## EXERCISE BRIEF
Below are some records. Copy every line in them that holds "ezdxf".

## RECORDS TO PROCESS
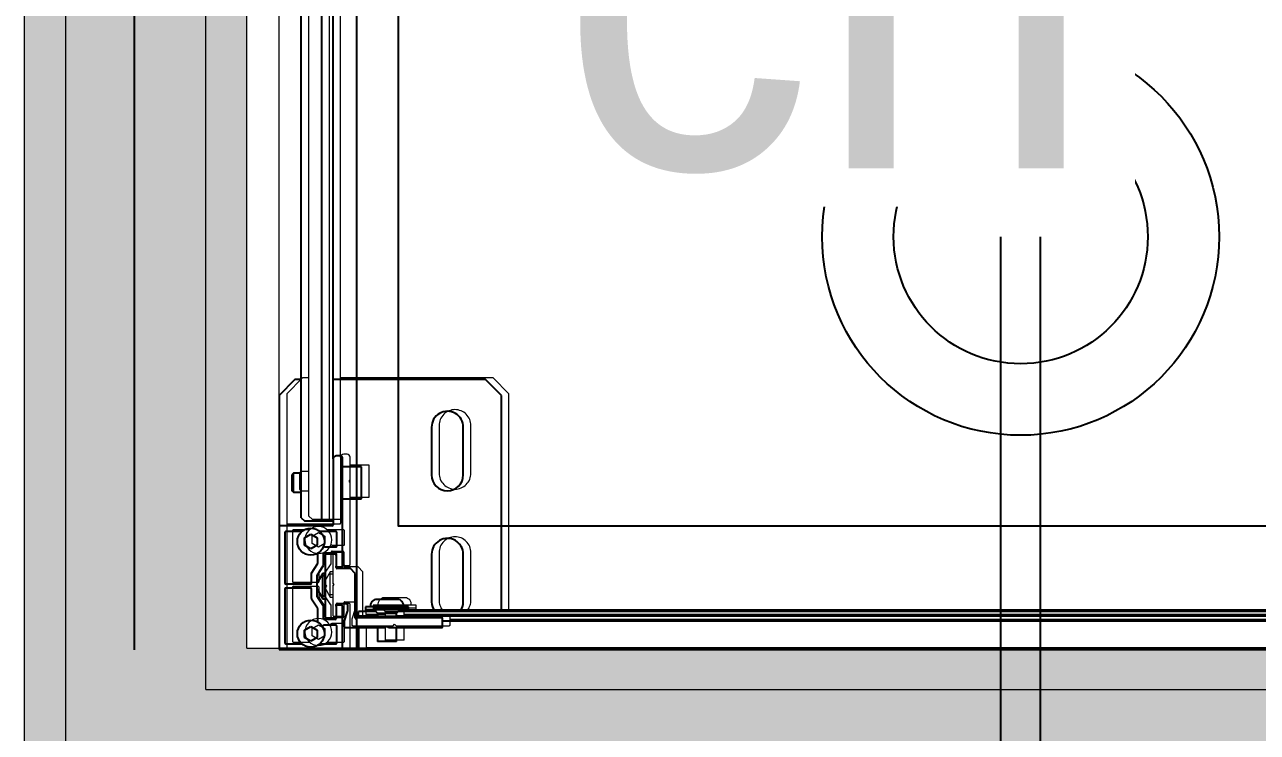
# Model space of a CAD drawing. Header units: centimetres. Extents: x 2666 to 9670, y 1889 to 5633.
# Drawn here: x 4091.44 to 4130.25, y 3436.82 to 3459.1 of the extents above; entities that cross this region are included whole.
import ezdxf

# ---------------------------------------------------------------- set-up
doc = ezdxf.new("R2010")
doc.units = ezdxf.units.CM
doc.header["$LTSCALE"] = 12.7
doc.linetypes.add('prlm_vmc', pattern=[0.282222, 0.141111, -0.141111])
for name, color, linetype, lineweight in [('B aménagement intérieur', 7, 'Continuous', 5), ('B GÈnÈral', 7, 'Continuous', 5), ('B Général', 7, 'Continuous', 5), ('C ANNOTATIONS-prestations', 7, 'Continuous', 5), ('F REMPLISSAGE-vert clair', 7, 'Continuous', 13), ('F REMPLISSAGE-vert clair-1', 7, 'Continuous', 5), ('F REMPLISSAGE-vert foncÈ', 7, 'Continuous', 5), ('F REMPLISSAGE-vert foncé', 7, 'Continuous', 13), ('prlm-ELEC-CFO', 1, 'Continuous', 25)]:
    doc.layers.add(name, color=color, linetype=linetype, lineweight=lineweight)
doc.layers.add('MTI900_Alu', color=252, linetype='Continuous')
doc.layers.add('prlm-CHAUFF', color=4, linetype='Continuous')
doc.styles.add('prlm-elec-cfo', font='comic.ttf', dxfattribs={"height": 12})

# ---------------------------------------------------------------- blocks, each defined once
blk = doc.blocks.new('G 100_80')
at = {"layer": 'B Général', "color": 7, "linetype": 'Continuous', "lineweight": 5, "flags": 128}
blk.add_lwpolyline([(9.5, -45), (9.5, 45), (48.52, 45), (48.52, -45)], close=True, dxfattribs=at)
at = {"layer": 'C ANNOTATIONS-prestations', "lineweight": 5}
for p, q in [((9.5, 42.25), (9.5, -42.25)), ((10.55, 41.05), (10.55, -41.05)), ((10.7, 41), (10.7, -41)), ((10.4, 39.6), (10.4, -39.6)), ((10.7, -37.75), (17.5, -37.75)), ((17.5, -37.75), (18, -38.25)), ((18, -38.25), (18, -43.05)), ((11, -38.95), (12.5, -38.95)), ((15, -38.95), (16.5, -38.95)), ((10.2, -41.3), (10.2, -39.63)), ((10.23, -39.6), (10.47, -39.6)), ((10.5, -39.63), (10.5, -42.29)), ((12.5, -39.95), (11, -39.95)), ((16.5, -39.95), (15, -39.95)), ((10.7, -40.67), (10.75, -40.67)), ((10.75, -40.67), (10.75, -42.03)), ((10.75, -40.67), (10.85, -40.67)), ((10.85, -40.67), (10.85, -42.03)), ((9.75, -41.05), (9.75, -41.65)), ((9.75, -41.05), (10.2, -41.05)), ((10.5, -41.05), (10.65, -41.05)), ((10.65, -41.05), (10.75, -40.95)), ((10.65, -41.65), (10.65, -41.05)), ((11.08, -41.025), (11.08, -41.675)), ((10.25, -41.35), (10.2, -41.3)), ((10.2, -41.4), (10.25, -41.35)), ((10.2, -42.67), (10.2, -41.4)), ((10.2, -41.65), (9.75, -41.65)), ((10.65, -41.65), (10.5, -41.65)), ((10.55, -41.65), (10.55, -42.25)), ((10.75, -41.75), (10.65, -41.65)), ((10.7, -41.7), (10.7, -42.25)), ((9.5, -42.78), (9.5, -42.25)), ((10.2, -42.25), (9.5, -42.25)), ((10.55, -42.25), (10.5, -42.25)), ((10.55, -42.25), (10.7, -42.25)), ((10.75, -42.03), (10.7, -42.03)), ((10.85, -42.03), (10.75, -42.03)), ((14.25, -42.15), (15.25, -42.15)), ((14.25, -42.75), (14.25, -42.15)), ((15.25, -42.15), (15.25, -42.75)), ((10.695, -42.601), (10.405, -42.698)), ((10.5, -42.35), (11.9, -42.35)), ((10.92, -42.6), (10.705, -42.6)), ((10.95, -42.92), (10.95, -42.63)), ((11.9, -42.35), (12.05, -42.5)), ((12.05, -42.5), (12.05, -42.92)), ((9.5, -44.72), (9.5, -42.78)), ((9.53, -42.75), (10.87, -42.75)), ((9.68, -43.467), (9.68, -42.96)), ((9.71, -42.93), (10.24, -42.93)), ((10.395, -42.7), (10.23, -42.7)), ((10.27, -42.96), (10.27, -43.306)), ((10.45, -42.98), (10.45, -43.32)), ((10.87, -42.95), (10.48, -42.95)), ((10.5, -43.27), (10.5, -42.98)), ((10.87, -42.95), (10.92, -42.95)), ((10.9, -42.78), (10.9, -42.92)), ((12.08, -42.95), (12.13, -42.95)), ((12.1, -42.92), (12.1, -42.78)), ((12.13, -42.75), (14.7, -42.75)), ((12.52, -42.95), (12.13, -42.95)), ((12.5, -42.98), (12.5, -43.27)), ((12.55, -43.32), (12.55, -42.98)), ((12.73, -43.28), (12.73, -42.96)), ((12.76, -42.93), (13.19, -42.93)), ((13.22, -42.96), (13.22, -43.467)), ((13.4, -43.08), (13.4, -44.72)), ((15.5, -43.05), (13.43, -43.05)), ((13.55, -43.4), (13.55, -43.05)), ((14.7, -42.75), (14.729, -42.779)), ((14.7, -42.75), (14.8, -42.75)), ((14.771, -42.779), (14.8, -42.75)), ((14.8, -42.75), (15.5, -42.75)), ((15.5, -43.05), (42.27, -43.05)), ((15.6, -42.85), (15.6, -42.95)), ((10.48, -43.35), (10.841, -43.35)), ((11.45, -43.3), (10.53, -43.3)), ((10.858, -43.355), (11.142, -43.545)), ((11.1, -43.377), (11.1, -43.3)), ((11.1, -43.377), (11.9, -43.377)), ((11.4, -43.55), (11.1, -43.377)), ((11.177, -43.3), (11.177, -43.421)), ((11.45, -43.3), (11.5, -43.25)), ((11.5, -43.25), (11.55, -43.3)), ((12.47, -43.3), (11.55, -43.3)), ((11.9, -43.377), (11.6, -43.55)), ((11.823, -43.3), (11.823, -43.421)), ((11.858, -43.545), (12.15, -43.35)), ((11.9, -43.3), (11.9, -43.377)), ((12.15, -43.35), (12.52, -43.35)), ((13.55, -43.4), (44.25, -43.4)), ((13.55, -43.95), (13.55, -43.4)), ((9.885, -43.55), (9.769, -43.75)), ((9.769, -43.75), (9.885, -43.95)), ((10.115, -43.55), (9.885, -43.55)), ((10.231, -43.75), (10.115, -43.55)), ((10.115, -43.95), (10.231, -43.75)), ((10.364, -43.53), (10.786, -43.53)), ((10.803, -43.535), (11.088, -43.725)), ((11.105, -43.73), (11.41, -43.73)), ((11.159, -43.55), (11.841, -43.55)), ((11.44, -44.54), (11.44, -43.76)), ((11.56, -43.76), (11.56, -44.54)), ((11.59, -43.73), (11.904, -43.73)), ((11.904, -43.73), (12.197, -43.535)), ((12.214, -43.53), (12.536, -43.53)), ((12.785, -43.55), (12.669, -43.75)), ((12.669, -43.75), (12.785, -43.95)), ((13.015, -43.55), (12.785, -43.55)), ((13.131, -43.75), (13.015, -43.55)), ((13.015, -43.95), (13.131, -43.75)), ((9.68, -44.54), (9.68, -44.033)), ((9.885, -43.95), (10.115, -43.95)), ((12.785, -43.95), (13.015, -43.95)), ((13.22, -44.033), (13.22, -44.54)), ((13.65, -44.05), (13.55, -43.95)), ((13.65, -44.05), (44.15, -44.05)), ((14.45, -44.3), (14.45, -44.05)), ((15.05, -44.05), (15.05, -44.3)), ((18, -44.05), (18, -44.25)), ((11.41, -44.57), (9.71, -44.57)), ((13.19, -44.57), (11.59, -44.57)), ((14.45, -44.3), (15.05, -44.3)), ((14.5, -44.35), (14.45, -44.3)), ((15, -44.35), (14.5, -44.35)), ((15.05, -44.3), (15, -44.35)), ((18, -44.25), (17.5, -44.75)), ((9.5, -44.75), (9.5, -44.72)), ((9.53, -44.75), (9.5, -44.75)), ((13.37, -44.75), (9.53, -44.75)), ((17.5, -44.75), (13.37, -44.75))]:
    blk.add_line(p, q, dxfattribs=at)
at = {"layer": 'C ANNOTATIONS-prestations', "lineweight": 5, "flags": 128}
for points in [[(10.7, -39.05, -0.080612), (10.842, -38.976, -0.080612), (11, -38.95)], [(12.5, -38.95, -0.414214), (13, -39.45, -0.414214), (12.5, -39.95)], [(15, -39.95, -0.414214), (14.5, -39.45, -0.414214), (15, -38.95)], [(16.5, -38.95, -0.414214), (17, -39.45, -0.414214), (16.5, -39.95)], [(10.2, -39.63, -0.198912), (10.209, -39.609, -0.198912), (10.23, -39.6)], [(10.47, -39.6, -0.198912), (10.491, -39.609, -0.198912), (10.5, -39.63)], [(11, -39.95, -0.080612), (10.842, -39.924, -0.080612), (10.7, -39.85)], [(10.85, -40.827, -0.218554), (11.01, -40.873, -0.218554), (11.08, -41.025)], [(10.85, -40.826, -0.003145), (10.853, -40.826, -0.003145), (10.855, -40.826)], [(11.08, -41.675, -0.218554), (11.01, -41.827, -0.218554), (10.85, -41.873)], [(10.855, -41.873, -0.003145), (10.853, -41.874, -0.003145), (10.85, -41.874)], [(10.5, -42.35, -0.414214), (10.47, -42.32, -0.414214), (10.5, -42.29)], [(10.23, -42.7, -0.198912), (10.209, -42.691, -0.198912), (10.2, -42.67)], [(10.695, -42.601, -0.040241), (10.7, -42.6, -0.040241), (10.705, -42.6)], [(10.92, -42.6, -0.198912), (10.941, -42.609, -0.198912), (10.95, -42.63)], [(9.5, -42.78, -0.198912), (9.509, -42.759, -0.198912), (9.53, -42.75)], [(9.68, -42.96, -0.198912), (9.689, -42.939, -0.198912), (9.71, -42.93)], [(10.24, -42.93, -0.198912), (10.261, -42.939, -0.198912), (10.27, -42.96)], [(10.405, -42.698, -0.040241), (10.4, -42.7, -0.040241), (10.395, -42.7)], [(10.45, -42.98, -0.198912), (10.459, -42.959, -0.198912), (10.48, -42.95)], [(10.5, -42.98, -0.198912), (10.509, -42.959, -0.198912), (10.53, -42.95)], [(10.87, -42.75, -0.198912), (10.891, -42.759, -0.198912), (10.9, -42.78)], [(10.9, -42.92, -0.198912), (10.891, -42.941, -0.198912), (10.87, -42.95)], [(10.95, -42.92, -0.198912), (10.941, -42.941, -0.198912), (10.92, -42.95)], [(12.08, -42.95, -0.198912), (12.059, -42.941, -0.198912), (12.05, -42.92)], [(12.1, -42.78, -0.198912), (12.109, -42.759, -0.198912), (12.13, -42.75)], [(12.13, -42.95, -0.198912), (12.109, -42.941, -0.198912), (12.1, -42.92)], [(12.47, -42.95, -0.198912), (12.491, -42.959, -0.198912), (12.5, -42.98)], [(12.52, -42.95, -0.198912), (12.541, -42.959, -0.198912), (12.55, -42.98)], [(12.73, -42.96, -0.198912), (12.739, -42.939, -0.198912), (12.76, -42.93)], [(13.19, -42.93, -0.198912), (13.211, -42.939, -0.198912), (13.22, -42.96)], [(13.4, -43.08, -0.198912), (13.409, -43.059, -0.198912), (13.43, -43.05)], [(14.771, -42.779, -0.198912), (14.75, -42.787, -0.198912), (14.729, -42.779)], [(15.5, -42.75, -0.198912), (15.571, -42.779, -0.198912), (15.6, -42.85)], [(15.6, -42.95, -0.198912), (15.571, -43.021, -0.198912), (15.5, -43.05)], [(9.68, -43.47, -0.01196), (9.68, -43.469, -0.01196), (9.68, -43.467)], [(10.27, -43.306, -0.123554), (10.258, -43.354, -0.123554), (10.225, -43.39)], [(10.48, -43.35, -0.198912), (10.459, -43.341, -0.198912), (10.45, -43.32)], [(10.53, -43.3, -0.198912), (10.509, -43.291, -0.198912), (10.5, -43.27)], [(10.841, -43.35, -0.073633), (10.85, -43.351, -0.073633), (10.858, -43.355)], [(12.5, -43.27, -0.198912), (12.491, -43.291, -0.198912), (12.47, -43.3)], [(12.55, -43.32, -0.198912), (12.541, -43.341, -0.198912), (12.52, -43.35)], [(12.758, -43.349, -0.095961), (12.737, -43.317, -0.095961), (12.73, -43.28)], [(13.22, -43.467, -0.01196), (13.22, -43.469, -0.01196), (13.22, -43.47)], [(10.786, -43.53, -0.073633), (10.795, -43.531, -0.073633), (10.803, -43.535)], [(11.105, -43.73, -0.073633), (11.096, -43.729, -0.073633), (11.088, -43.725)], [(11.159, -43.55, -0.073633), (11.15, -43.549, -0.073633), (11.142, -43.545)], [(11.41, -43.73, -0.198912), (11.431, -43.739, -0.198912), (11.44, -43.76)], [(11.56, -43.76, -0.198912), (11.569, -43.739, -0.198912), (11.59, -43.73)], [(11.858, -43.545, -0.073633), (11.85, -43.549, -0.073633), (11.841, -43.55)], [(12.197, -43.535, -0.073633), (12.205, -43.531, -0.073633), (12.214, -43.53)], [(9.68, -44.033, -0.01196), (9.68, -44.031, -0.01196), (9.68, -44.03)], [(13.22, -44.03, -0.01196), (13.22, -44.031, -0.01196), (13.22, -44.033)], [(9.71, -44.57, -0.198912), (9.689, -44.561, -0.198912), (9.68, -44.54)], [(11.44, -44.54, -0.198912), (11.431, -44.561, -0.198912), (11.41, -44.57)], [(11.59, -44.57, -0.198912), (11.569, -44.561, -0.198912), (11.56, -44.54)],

## YOUR RESPONSE
import ezdxf
doc = ezdxf.new("R2010")
doc.units = ezdxf.units.CM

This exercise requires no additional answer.